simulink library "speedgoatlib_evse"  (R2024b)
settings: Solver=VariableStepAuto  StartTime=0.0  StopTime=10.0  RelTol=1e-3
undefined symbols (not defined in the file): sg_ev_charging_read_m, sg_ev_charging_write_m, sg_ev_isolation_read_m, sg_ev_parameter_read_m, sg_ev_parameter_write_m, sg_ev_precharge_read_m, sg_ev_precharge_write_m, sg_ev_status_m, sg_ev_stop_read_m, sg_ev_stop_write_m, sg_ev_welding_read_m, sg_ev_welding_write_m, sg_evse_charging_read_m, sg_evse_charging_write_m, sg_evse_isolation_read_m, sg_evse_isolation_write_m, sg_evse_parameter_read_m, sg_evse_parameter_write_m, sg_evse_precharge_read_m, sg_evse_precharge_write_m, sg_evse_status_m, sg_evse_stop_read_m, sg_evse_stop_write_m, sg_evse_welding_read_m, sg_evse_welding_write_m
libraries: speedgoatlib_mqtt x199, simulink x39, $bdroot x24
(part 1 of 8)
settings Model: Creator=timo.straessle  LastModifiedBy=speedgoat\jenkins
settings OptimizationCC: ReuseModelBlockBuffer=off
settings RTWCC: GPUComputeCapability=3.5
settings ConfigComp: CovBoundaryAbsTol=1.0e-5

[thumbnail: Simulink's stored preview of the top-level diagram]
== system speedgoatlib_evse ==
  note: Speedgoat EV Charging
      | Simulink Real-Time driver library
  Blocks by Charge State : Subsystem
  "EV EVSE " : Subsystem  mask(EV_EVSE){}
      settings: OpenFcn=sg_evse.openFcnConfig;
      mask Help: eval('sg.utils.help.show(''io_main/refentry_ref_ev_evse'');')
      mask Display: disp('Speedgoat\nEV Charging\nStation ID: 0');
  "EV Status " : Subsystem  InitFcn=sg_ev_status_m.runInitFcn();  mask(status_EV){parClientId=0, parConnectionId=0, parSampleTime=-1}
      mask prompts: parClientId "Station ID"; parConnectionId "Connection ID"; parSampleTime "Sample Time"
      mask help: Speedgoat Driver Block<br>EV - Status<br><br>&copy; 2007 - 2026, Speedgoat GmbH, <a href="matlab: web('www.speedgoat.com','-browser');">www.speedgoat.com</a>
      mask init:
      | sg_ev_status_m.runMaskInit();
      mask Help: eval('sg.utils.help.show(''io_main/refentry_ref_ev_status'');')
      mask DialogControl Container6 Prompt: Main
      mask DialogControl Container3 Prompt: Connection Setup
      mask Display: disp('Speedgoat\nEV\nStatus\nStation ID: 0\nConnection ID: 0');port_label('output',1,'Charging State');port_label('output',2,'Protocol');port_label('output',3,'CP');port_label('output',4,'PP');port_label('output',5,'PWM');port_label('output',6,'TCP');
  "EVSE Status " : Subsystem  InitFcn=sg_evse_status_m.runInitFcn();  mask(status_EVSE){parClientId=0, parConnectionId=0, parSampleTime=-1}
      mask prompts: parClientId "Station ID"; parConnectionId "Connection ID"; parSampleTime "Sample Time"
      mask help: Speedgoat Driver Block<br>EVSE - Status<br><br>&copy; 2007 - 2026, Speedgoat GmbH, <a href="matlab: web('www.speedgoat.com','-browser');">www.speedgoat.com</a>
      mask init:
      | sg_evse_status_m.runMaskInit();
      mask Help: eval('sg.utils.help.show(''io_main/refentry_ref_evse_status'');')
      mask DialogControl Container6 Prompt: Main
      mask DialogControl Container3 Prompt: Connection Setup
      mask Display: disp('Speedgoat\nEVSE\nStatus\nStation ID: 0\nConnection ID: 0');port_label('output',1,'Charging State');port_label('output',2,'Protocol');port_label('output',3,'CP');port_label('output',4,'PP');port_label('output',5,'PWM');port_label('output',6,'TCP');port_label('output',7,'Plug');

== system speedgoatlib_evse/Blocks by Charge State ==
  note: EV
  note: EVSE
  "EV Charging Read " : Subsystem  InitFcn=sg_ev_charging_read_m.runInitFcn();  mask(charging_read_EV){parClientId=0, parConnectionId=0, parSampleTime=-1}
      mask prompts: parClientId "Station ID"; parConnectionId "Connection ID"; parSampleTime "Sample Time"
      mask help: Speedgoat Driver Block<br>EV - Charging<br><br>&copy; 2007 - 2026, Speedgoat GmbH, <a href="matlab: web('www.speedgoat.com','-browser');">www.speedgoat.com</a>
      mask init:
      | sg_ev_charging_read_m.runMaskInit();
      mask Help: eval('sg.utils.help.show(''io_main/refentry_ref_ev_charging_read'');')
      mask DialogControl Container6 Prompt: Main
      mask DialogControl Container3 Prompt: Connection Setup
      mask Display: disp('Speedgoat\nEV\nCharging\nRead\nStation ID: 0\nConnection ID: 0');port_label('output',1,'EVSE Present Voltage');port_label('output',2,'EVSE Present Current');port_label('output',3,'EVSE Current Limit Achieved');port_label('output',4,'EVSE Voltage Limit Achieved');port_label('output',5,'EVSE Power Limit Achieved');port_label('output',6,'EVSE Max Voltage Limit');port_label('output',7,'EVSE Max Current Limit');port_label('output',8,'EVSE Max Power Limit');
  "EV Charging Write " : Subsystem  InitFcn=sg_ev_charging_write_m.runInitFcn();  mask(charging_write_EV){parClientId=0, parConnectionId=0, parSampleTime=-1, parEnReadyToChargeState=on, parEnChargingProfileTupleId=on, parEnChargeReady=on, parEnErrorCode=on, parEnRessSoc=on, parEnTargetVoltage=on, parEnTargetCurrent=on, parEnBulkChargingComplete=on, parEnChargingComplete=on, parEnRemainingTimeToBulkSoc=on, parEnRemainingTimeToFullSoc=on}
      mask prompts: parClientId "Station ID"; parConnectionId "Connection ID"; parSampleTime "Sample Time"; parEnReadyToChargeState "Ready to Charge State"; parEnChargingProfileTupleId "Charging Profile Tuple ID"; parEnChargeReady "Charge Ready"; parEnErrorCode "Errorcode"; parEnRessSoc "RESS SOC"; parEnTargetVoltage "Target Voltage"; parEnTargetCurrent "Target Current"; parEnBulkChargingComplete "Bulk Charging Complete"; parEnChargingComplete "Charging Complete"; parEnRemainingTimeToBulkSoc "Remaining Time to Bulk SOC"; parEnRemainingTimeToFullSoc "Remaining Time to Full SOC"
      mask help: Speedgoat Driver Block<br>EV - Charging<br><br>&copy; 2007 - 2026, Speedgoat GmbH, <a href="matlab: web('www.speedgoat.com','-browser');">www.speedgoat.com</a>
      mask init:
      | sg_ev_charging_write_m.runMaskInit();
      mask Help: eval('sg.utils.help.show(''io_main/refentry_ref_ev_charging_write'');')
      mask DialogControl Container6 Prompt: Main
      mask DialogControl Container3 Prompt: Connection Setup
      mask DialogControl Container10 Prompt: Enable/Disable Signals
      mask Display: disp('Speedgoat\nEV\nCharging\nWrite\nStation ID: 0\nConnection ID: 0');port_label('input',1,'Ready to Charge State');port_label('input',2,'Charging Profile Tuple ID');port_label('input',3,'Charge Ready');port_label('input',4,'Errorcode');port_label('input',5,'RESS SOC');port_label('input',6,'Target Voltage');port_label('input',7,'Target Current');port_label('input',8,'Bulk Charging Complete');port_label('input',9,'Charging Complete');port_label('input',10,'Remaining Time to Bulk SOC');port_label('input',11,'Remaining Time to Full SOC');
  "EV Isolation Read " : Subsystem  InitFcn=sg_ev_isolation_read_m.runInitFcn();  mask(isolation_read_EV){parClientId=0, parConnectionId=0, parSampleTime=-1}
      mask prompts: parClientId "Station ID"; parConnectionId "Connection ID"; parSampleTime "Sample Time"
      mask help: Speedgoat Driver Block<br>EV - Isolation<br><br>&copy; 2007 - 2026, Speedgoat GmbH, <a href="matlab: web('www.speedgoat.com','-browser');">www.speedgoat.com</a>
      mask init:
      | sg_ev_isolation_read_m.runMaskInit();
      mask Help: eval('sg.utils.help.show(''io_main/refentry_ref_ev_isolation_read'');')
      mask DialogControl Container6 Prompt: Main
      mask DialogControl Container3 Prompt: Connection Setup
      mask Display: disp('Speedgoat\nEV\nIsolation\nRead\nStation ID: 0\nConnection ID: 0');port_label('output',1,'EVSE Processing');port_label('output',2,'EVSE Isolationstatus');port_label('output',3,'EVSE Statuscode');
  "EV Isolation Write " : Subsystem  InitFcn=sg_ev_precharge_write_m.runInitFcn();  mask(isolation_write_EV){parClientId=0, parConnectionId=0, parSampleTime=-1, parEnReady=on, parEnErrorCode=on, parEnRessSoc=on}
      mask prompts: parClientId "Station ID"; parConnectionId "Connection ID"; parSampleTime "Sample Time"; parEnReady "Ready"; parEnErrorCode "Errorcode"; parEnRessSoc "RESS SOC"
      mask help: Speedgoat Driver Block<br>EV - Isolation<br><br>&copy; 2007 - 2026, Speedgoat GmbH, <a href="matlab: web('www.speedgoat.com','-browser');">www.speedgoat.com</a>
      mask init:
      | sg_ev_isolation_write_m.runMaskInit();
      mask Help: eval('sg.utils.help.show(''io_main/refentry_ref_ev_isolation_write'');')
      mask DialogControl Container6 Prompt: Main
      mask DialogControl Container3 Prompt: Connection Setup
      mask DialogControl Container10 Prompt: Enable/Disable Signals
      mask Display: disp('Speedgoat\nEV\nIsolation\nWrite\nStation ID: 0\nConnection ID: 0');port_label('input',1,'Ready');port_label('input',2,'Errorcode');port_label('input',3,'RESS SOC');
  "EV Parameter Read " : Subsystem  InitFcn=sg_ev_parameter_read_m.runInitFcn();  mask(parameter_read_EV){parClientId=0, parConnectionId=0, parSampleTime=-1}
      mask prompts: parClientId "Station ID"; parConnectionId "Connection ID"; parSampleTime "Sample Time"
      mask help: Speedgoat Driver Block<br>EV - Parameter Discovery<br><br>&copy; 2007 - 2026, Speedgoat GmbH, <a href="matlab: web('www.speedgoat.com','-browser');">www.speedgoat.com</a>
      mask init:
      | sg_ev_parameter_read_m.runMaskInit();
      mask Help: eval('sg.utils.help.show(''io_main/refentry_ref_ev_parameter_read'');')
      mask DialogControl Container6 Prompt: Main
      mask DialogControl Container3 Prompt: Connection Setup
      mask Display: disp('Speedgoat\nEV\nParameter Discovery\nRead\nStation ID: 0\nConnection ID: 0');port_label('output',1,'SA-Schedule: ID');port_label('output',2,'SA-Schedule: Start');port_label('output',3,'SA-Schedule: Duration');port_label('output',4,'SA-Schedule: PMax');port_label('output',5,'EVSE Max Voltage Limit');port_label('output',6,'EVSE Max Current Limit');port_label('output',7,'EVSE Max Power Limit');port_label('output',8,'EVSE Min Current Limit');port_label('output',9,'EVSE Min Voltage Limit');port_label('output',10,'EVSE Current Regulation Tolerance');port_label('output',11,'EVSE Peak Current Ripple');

------------------------------------

▶ _What this task involves_: When a line in the material includes the word "matlab", copy it out.

▶ _Solution to this exercise_:
      mask help: Speedgoat Driver Block<br>EV - Status<br><br>&copy; 2007 - 2026, Speedgoat GmbH, <a href="matlab: web('www.speedgoat.com','-browser');">www.speedgoat.com</a>
      mask help: Speedgoat Driver Block<br>EVSE - Status<br><br>&copy; 2007 - 2026, Speedgoat GmbH, <a href="matlab: web('www.speedgoat.com','-browser');">www.speedgoat.com</a>
      mask help: Speedgoat Driver Block<br>EV - Charging<br><br>&copy; 2007 - 2026, Speedgoat GmbH, <a href="matlab: web('www.speedgoat.com','-browser');">www.speedgoat.com</a>
      mask help: Speedgoat Driver Block<br>EV - Charging<br><br>&copy; 2007 - 2026, Speedgoat GmbH, <a href="matlab: web('www.speedgoat.com','-browser');">www.speedgoat.com</a>
      mask help: Speedgoat Driver Block<br>EV - Isolation<br><br>&copy; 2007 - 2026, Speedgoat GmbH, <a href="matlab: web('www.speedgoat.com','-browser');">www.speedgoat.com</a>
      mask help: Speedgoat Driver Block<br>EV - Isolation<br><br>&copy; 2007 - 2026, Speedgoat GmbH, <a href="matlab: web('www.speedgoat.com','-browser');">www.speedgoat.com</a>
      mask help: Speedgoat Driver Block<br>EV - Parameter Discovery<br><br>&copy; 2007 - 2026, Speedgoat GmbH, <a href="matlab: web('www.speedgoat.com','-browser');">www.speedgoat.com</a>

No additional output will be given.